Cash balance at December 31, 2017 was $1.0 million, compared with $3.4 million at December 31, 2016.

• In June 2017, the board of directors, approved a comprehensive plan to increase operating performance. This plan has resulted in a realignment and reduction in workforce and a change in the leadership of the company. It is substantially complete and the firm ended the quarter with 81 employees worldwide. In connection with this plan, the company has incurred severance expense of $1.2 million. In making these changes, it prioritized customer support and development while consolidating operations and streamlining direct sales resources, therefore allowing to focus on its install base and develop more efficient market channels.
• During 2017, the company continued to innovate and further enhance our products.

Closing Commitment
As previously announced, In February 2018, the company and HCP-FVA, LLC entered into the Amended and Restated Loan Agreement and closed on a previously announced commitment whereby HCP-FVA agreed to provide an aggregate of $3,000,000 of financing (inclusive of the Bridge Loan described below) to the company. As part of the commitment, the company issued HCP-FVA additional Backstop Warrants to purchase 41,577,382 shares of common stock at a nominal exercise price and financing warrants to purchase 366,990,000 shares of common stock at a nominal exercise. The company previously issued 13,859,128 Backstop Warrants to HCP-FVA in connection with a $500,000 Bridge Loan provided by HCP-FVA in November 2017.
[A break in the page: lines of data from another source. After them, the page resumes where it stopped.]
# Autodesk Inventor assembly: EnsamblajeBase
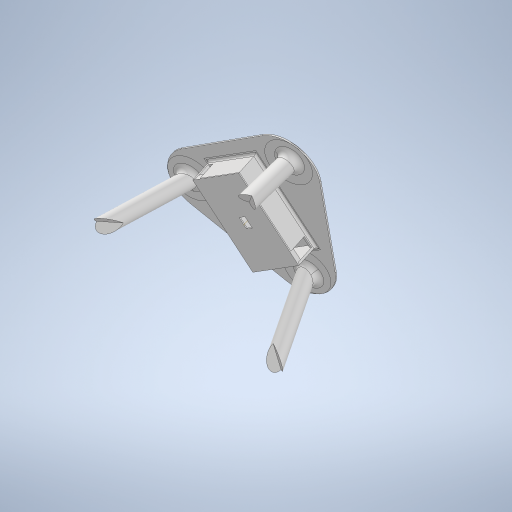
[picture p0: Inventor's stored thumbnail of the model, 512x512]
Saved by Autodesk Inventor 2024 (Build 280153000, 153)
## iProperties
Created: 2024-07-14
Part Number: EnsamblajeBase
Document SubType Name: Assembly
Designer: sergi
Author: sergi
## Documents named in this file (6)
- C:\Users\sergi\OneDrive\Escritorio\proyectos\Piso\Dodecaedro\EnsamblajeBase.iam
- C:\Users\sergi\OneDrive\Documentos\Base4.ipt
- C:\Users\sergi\OneDrive\Escritorio\proyectos\Piso\Dodecaedro\Base4Baterias.ipt
- C:\Users\sergi\OneDrive\Escritorio\proyectos\Piso\Dodecaedro\TapaBaterias.ipt
- C:\Users\sergi\OneDrive\Escritorio\proyectos\Piso\Dodecaedro\Dodecaedro.ipt
- C:\Users\sergi\OneDrive\Escritorio\proyectos\Piso\Dodecaedro\Brazos.ipt
## Components (5 placed, 5 different names)
1. Base4:1 — Coincidencia:12, Coincidencia:16, Coincidencia:17, Coincidencia:18, Coincidencia:20, Coincidencia:23, Nivelación:4
2. Base4Baterias:1 — Coincidencia:17, Coincidencia:18, Nivelación:2, Nivelación:3, Coincidencia:19
3. TapaBaterias:1 — Nivelación:2, Nivelación:3, Coincidencia:19
4. Dodecaedro:1 — Coincidencia:12, Coincidencia:20, Coincidencia:23, Nivelación:5, Nivelación:6, Nivelación:7
5. Brazos:1 — Nivelación:4, Nivelación:5, Nivelación:6, Nivelación:7
## Relationships (13: Mate 7, Flush 6)
- Coincidencia:12 [Mate]: Base4:1 ↔ Dodecaedro:1
- Coincidencia:16 [Mate] (72.1 mm): Base4:1
- Coincidencia:17 [Mate]: Base4:1 ↔ Base4Baterias:1
- Coincidencia:18 [Mate]: Base4:1 ↔ Base4Baterias:1
- Nivelación:2 [Flush]: Base4Baterias:1 ↔ TapaBaterias:1
- Nivelación:3 [Flush]: Base4Baterias:1 ↔ TapaBaterias:1
- Coincidencia:19 [Mate]: Base4Baterias:1 ↔ TapaBaterias:1
- Coincidencia:20 [Mate] (72.1 mm): Base4:1 ↔ Dodecaedro:1
- Coincidencia:23 [Mate]: Base4:1 ↔ Dodecaedro:1
- Nivelación:4 [Flush]: Base4:1 ↔ Brazos:1
- Nivelación:5 [Flush]: Dodecaedro:1 ↔ Brazos:1
- Nivelación:6 [Flush]: Dodecaedro:1 ↔ Brazos:1
- Nivelación:7 [Flush]: Dodecaedro:1 ↔ Brazos:1

The company intends to offer to FalconStor stockholders as of November 17, 2017 who are accredited investors the opportunity to purchase units consisting of financing warrants, senior secured debt and series A redeemable convertible preferred stock held by HCP-FVA. 

Company HQs
The company has been transitioning the movement of its principal executive officers to 823 Congress Avenue, Suite 1300, Austin, TX 78701. This transition has been completed and going forward the company’s public filings will reflect this new address as the company’s principal executive officers. The company continues to retain its officers in Melville, NY, and is actively seeking to sublet a significant portion of its Melville office space.

Comments

Abstracts of the earnings call transcript:

Todd Brooks, CEO:
"During the quarter, through Q4, we focused on three key initiatives. One, on continuing to adjust our expense base to ensure we are operating on a healthy and profitable foundation. Second, on deepening our global partner and end user base relationships to reenergize sales. And finally, thirdly, to - in securing the funding needed to enable the long term success of the company.
"(...) our largest global partner increased their FalconStor billings by over 60% in the second half of 2017, as compared with the first half of 2017. Secondly, billings for FreeStor, which is flagship product, increased by 122% in Q4 of 2017, as compared to Q4 2016.
"And then finally, new customer billings delivered from our partners for our three point solution products, increased by 21% during Q4 as compared to the same quarter last year."

Patrick McClain, CFO:
"Bookings exceeded third quarter by 63%, but primarily due to our large maintenance renewal days in Q4, although this did - although we did show a significant decline of 32% in comparison to Q4 2016, Our expectation is that bookings and resulting revenues will stabilize over the next few quarters as we continue to reengage our customer base and implement our re-forecast commercial strategy."